____ GIVEN RECORDS

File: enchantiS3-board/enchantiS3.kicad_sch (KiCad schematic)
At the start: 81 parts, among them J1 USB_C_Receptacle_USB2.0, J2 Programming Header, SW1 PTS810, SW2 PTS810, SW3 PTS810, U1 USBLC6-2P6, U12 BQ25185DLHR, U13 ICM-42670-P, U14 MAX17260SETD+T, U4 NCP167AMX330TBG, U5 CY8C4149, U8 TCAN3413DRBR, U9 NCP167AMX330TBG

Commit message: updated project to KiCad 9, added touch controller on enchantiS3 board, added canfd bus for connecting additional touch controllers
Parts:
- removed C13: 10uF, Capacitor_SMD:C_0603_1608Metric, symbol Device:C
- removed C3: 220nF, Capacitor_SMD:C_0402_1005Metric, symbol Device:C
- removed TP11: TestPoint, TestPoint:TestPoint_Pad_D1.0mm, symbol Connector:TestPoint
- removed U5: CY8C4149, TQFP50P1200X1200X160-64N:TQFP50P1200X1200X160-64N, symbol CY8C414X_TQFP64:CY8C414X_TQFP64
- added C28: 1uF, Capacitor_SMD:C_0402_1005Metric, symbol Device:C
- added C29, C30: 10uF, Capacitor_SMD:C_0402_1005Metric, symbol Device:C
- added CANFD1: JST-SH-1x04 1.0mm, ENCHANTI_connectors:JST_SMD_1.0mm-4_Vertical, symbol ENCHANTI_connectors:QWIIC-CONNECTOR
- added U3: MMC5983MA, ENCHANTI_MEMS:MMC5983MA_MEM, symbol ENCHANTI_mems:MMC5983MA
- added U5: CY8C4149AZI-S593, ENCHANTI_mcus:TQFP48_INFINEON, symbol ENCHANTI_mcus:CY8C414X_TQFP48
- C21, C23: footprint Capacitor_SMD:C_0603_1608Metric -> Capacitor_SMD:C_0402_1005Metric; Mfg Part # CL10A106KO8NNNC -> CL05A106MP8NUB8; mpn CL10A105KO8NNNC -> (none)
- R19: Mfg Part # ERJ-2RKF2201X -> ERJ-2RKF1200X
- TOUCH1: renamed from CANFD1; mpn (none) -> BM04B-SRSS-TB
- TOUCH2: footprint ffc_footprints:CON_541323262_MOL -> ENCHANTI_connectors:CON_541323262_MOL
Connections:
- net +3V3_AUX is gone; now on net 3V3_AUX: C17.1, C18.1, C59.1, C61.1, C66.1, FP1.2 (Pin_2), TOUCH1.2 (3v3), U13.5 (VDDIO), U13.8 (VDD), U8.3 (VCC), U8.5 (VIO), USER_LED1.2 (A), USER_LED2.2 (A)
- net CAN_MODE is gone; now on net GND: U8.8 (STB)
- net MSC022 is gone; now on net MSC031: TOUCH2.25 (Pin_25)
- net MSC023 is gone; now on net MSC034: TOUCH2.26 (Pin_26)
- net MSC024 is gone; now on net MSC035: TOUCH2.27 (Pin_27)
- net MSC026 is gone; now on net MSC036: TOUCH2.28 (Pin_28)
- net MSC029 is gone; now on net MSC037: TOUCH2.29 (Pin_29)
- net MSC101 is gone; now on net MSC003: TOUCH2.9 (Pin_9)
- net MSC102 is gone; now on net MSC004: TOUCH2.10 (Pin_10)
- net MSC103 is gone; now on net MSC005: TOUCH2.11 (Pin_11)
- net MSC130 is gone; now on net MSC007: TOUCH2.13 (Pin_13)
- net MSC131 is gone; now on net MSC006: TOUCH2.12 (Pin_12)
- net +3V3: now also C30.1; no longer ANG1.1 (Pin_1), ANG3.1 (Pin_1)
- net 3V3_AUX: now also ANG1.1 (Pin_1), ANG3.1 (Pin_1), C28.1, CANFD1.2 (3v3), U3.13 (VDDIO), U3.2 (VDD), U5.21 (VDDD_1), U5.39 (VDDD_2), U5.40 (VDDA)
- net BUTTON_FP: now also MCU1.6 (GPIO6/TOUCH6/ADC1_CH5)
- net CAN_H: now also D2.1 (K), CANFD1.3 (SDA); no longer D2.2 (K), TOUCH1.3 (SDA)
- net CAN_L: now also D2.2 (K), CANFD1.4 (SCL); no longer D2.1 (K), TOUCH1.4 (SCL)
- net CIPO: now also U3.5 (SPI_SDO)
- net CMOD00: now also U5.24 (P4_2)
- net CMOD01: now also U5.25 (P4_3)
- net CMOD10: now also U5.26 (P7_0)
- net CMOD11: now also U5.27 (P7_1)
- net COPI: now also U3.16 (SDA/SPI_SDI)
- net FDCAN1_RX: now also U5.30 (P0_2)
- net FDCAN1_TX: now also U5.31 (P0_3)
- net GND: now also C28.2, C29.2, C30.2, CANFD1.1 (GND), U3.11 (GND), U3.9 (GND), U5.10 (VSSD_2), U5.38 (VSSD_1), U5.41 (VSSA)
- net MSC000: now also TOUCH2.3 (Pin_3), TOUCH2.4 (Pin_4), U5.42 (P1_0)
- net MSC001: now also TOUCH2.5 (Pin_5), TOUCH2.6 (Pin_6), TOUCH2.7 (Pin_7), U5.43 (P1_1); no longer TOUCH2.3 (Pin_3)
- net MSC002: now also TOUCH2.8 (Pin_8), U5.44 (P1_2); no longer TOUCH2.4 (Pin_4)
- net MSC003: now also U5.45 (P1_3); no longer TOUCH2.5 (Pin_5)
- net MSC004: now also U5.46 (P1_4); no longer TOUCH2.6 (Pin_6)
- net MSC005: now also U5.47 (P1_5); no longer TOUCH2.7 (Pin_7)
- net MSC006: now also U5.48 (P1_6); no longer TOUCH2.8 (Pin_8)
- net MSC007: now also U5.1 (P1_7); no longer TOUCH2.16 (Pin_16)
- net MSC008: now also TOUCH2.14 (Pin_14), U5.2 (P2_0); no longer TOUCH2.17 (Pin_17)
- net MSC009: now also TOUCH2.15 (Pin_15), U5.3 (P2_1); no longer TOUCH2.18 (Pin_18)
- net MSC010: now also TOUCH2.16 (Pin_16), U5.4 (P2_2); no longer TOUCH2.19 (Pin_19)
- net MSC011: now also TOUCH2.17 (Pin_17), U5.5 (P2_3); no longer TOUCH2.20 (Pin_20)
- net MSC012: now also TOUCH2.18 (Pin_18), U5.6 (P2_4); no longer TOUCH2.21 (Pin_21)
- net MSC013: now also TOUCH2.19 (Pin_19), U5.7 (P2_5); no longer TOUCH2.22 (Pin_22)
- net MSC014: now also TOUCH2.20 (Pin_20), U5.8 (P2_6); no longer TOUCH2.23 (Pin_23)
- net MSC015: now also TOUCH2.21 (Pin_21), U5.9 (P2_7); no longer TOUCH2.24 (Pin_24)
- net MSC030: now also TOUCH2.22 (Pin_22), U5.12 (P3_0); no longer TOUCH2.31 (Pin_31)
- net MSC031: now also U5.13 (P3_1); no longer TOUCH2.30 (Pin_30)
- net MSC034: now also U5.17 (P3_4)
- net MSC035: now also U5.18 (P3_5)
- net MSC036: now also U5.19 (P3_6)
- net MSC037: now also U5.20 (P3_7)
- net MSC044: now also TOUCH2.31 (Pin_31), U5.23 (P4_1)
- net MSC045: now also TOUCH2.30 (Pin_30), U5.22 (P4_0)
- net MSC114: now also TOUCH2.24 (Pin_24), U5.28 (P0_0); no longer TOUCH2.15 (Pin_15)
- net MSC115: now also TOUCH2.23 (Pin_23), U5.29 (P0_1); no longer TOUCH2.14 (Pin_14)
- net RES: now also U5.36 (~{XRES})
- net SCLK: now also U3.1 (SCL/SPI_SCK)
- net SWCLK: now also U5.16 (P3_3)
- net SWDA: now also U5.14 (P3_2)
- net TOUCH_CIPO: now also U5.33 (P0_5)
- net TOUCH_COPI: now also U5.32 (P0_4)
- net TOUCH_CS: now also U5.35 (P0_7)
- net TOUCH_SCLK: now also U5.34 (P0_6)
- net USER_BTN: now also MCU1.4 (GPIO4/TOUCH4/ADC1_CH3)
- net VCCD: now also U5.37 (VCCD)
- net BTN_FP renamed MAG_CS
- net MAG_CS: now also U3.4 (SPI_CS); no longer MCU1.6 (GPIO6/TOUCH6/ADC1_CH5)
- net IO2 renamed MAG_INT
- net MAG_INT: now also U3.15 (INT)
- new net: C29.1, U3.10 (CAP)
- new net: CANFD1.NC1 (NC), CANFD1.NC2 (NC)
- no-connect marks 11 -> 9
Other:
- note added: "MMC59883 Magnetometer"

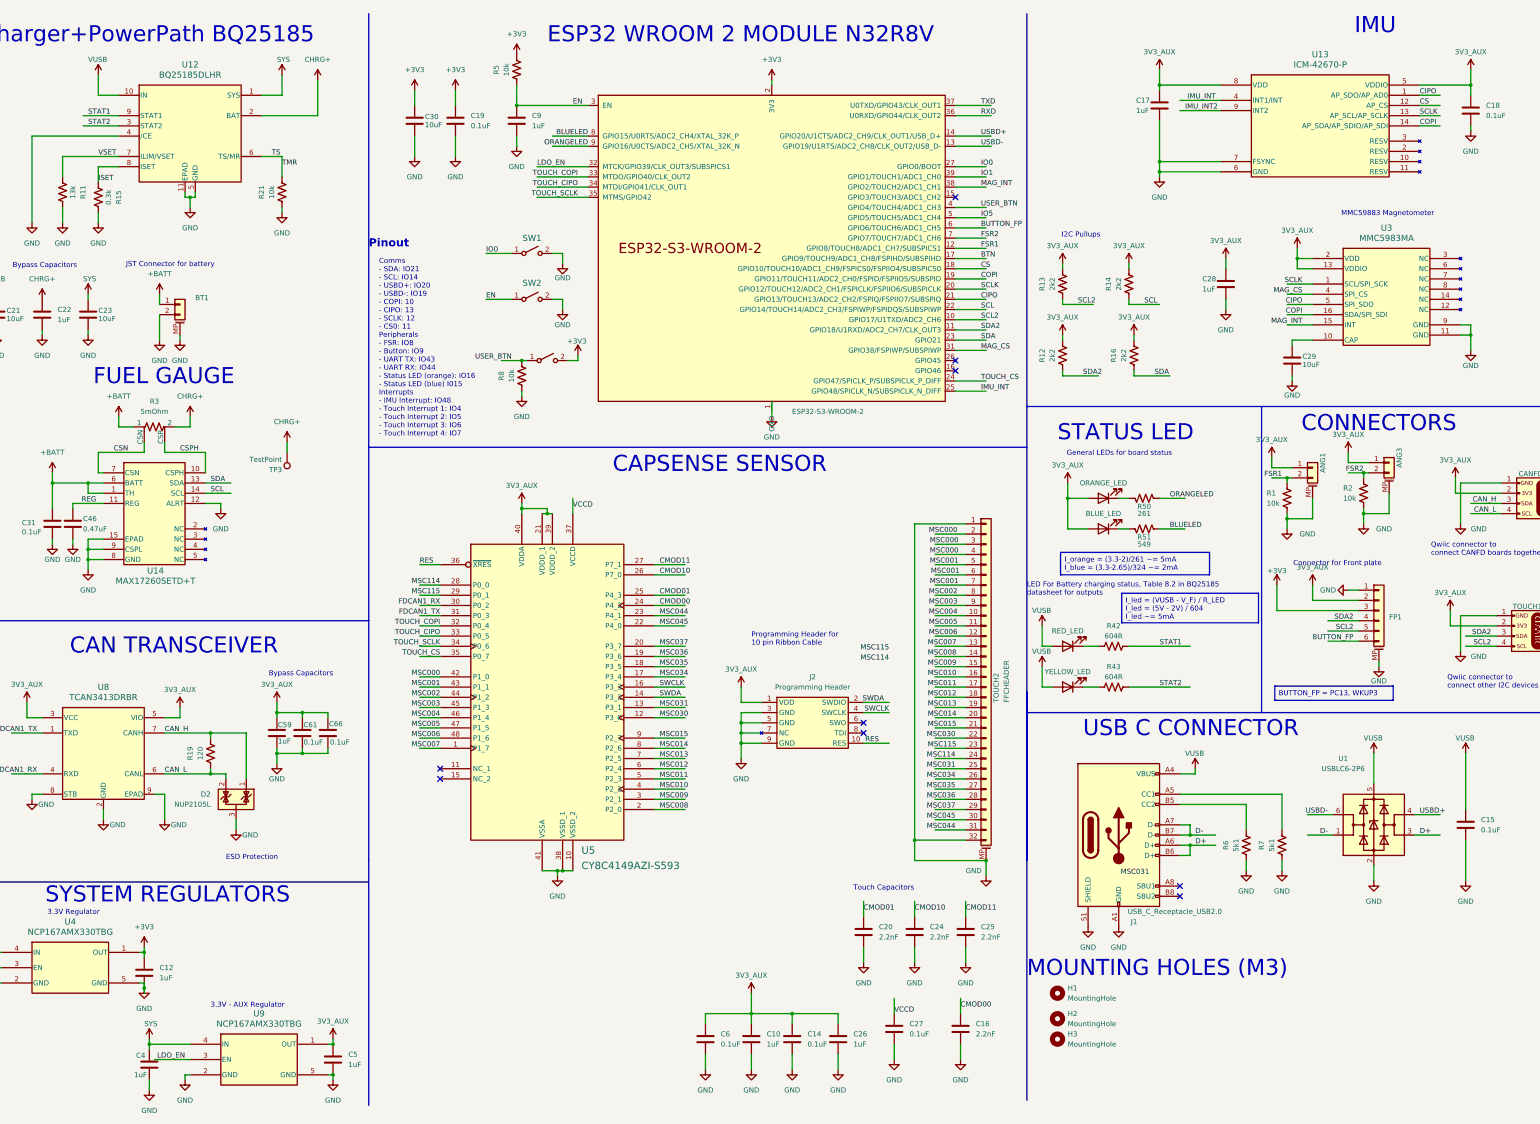
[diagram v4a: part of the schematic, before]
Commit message: removed unused library files, updated manufacturing files for latest board version, added screenshot of schematic
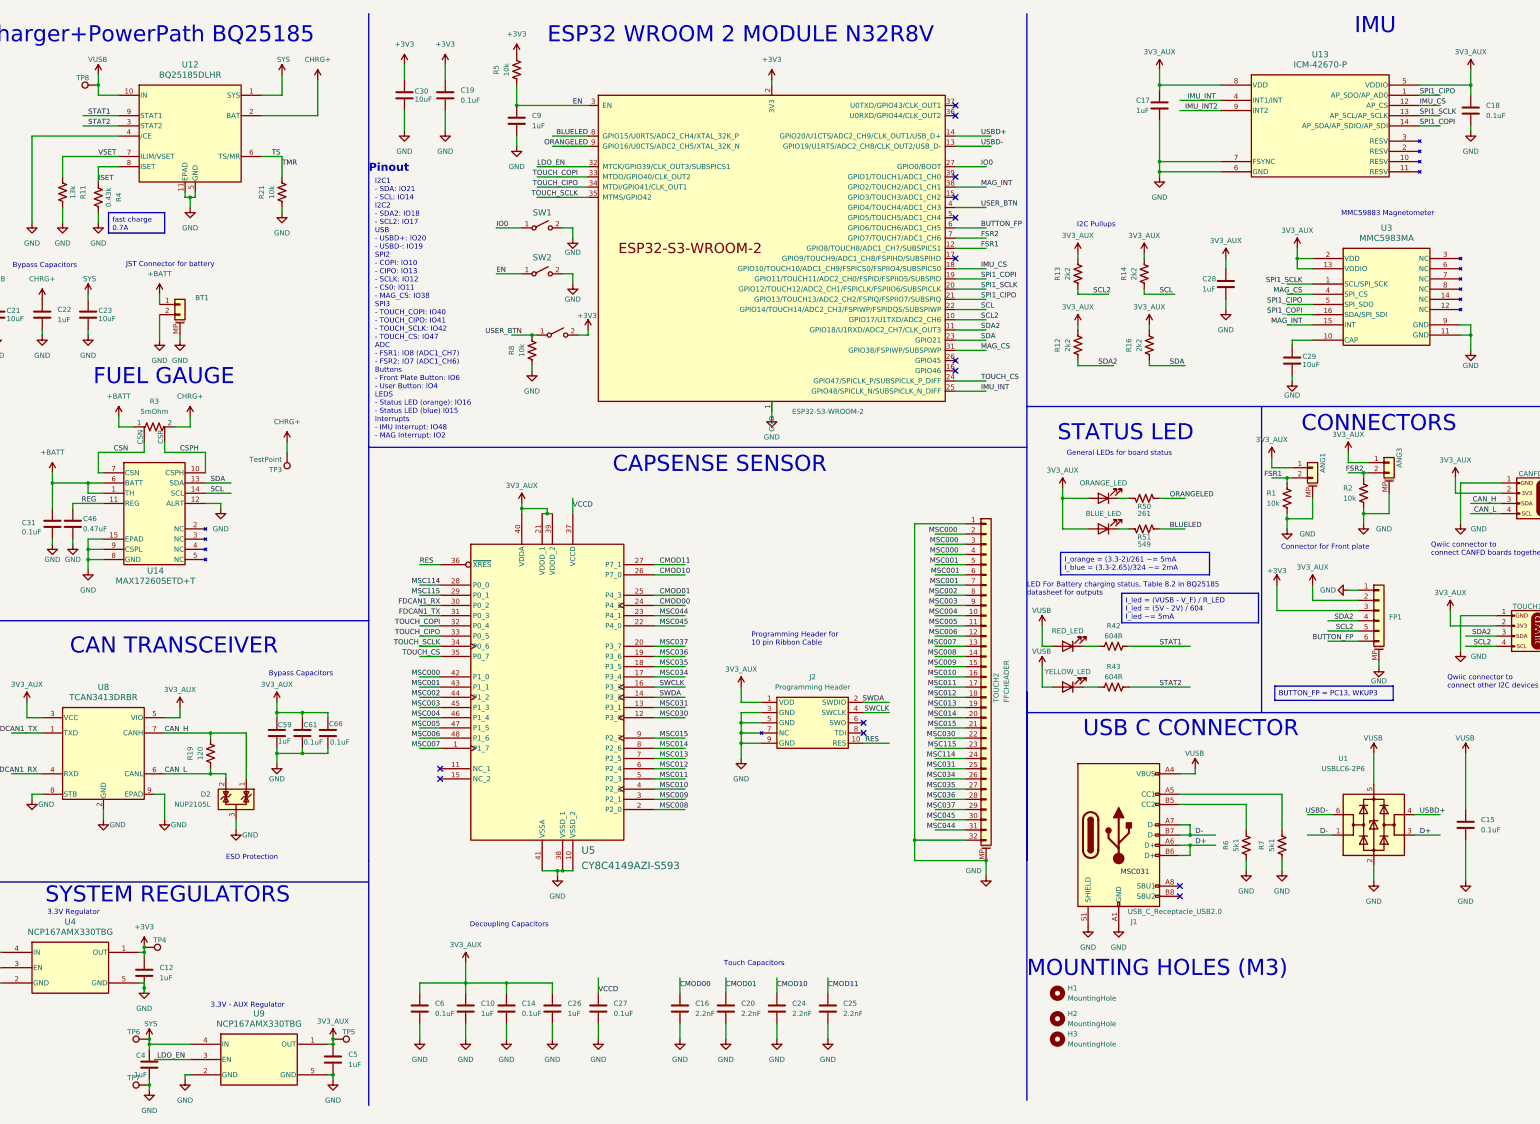
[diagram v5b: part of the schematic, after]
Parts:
- added TP4, TP5, TP6, TP7, TP8: TestPoint, TestPoint:TestPoint_Pad_D1.0mm, symbol Connector:TestPoint
- C10, C26: MPN GRM155R61C105KA12D -> (none); Manufacturer Murata Electronics -> Samsung Electro-Mechanics; Mfg Part # (none) -> CL05A105KO5NNNC
- C14, C27, C6: MPN GCM155R71C104KA55J -> (none); Manufacturer Murata Electronics -> Samsung Electro-Mechanics; Mfg Part # (none) -> CL05B104KO5NNNC
- C16, C20, C24, C25: MPN GRM155R71H222JA01J -> (none); Mfg Part # (none) -> GRM155R71H222JA01J
- R4: renamed from R15; value 0.3k -> 0.43k; Mfg Part # ERJ-2RKF3000X -> ERJ-2RKF4300X; mpn ERJ-2RKF2201X -> (none)
- TOUCH2: MPN 54132-3262 -> (none); Mfg Part # (none) -> 54132-3262
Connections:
- net +3V3: now also TP4.1
- net 3V3_AUX: now also TP5.1
- net GND: now also TP7.1
- net SYS: now also TP6.1
- net VUSB: now also TP8.1
- net BTN: no longer names the net of MCU1.17 (GPIO9/TOUCH9/ADC1_CH8/FSPIHD/SUBSPIHD)
- net CIPO renamed SPI1_CIPO
- net COPI renamed SPI1_COPI
- net CS renamed IMU_CS
- net IO1: no longer names the net of MCU1.39 (GPIO1/TOUCH1/ADC1_CH0)
- net IO5: no longer names the net of MCU1.5 (GPIO5/TOUCH5/ADC1_CH4)
- net RXD: no longer names the net of MCU1.36 (U0RXD/GPIO44/CLK_OUT2)
- net SCLK renamed SPI1_SCLK
- net TXD: no longer names the net of MCU1.37 (U0TXD/GPIO43/CLK_OUT1)
- no-connect marks 9 -> 14
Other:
- note added: "Decoupling Capacitors"
- note added: "I2C1 - SDA: IO21 - SCL: IO14 I2C2 - SDA2: IO18 - SCL2: IO17 USB - USBD+: IO20 - USBD-: IO19 SPI2 - COPI: IO10 - CIPO: IO13 - SCLK: IO12 - CS0: IO11 - MAG_CS: IO38 SPI3 - TOUCH_COPI: IO40 - TOUCH_CIPO: IO41 - TOUCH_SCLK: IO42 - TOUCH_CS: IO47 ADC - FSR1: IO8 (ADC1_CH7) - FSR2: IO7 (ADC1_CH6) Buttons - Front Plate Button: IO6 - User Button: IO4 LEDS - Status LED (orange): IO16 - Status LED (blue) I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"
- note removed: "Comms - SDA: IO21 - SCL: IO14 - USBD+: IO20 - USBD-: IO19 - COPI: 10 - CIPO: 13 - SCLK: 12 - CS0: 11 Peripherals - FSR: IO8 - Button: IO9 - UART TX: IO43 - UART RX: IO44 - Status LED (orange): IO16 - Status LED (blue) I015 Interrupts - IMU Interrupt: IO48 - Touch Interrupt 1: IO4 - Touch Interrupt 2: IO5 - Touch Interrupt 3: IO6 - Touch Interrupt 4: IO7"
- moved on the sheet: C10, C14, C16, C19, C20, C24, C25, C26, C27, C30, C6, R12

________

== WHAT YOU NEED TO DO ==
Write out only the lines that run from the line containing "- net MSC023" through the line containing "- net MSC131", both included, exactly as they appear above.

== ANSWER BOX ==
- net MSC023 is gone; now on net MSC034: TOUCH2.26 (Pin_26)
- net MSC024 is gone; now on net MSC035: TOUCH2.27 (Pin_27)
- net MSC026 is gone; now on net MSC036: TOUCH2.28 (Pin_28)
- net MSC029 is gone; now on net MSC037: TOUCH2.29 (Pin_29)
- net MSC101 is gone; now on net MSC003: TOUCH2.9 (Pin_9)
- net MSC102 is gone; now on net MSC004: TOUCH2.10 (Pin_10)
- net MSC103 is gone; now on net MSC005: TOUCH2.11 (Pin_11)
- net MSC130 is gone; now on net MSC007: TOUCH2.13 (Pin_13)
- net MSC131 is gone; now on net MSC006: TOUCH2.12 (Pin_12)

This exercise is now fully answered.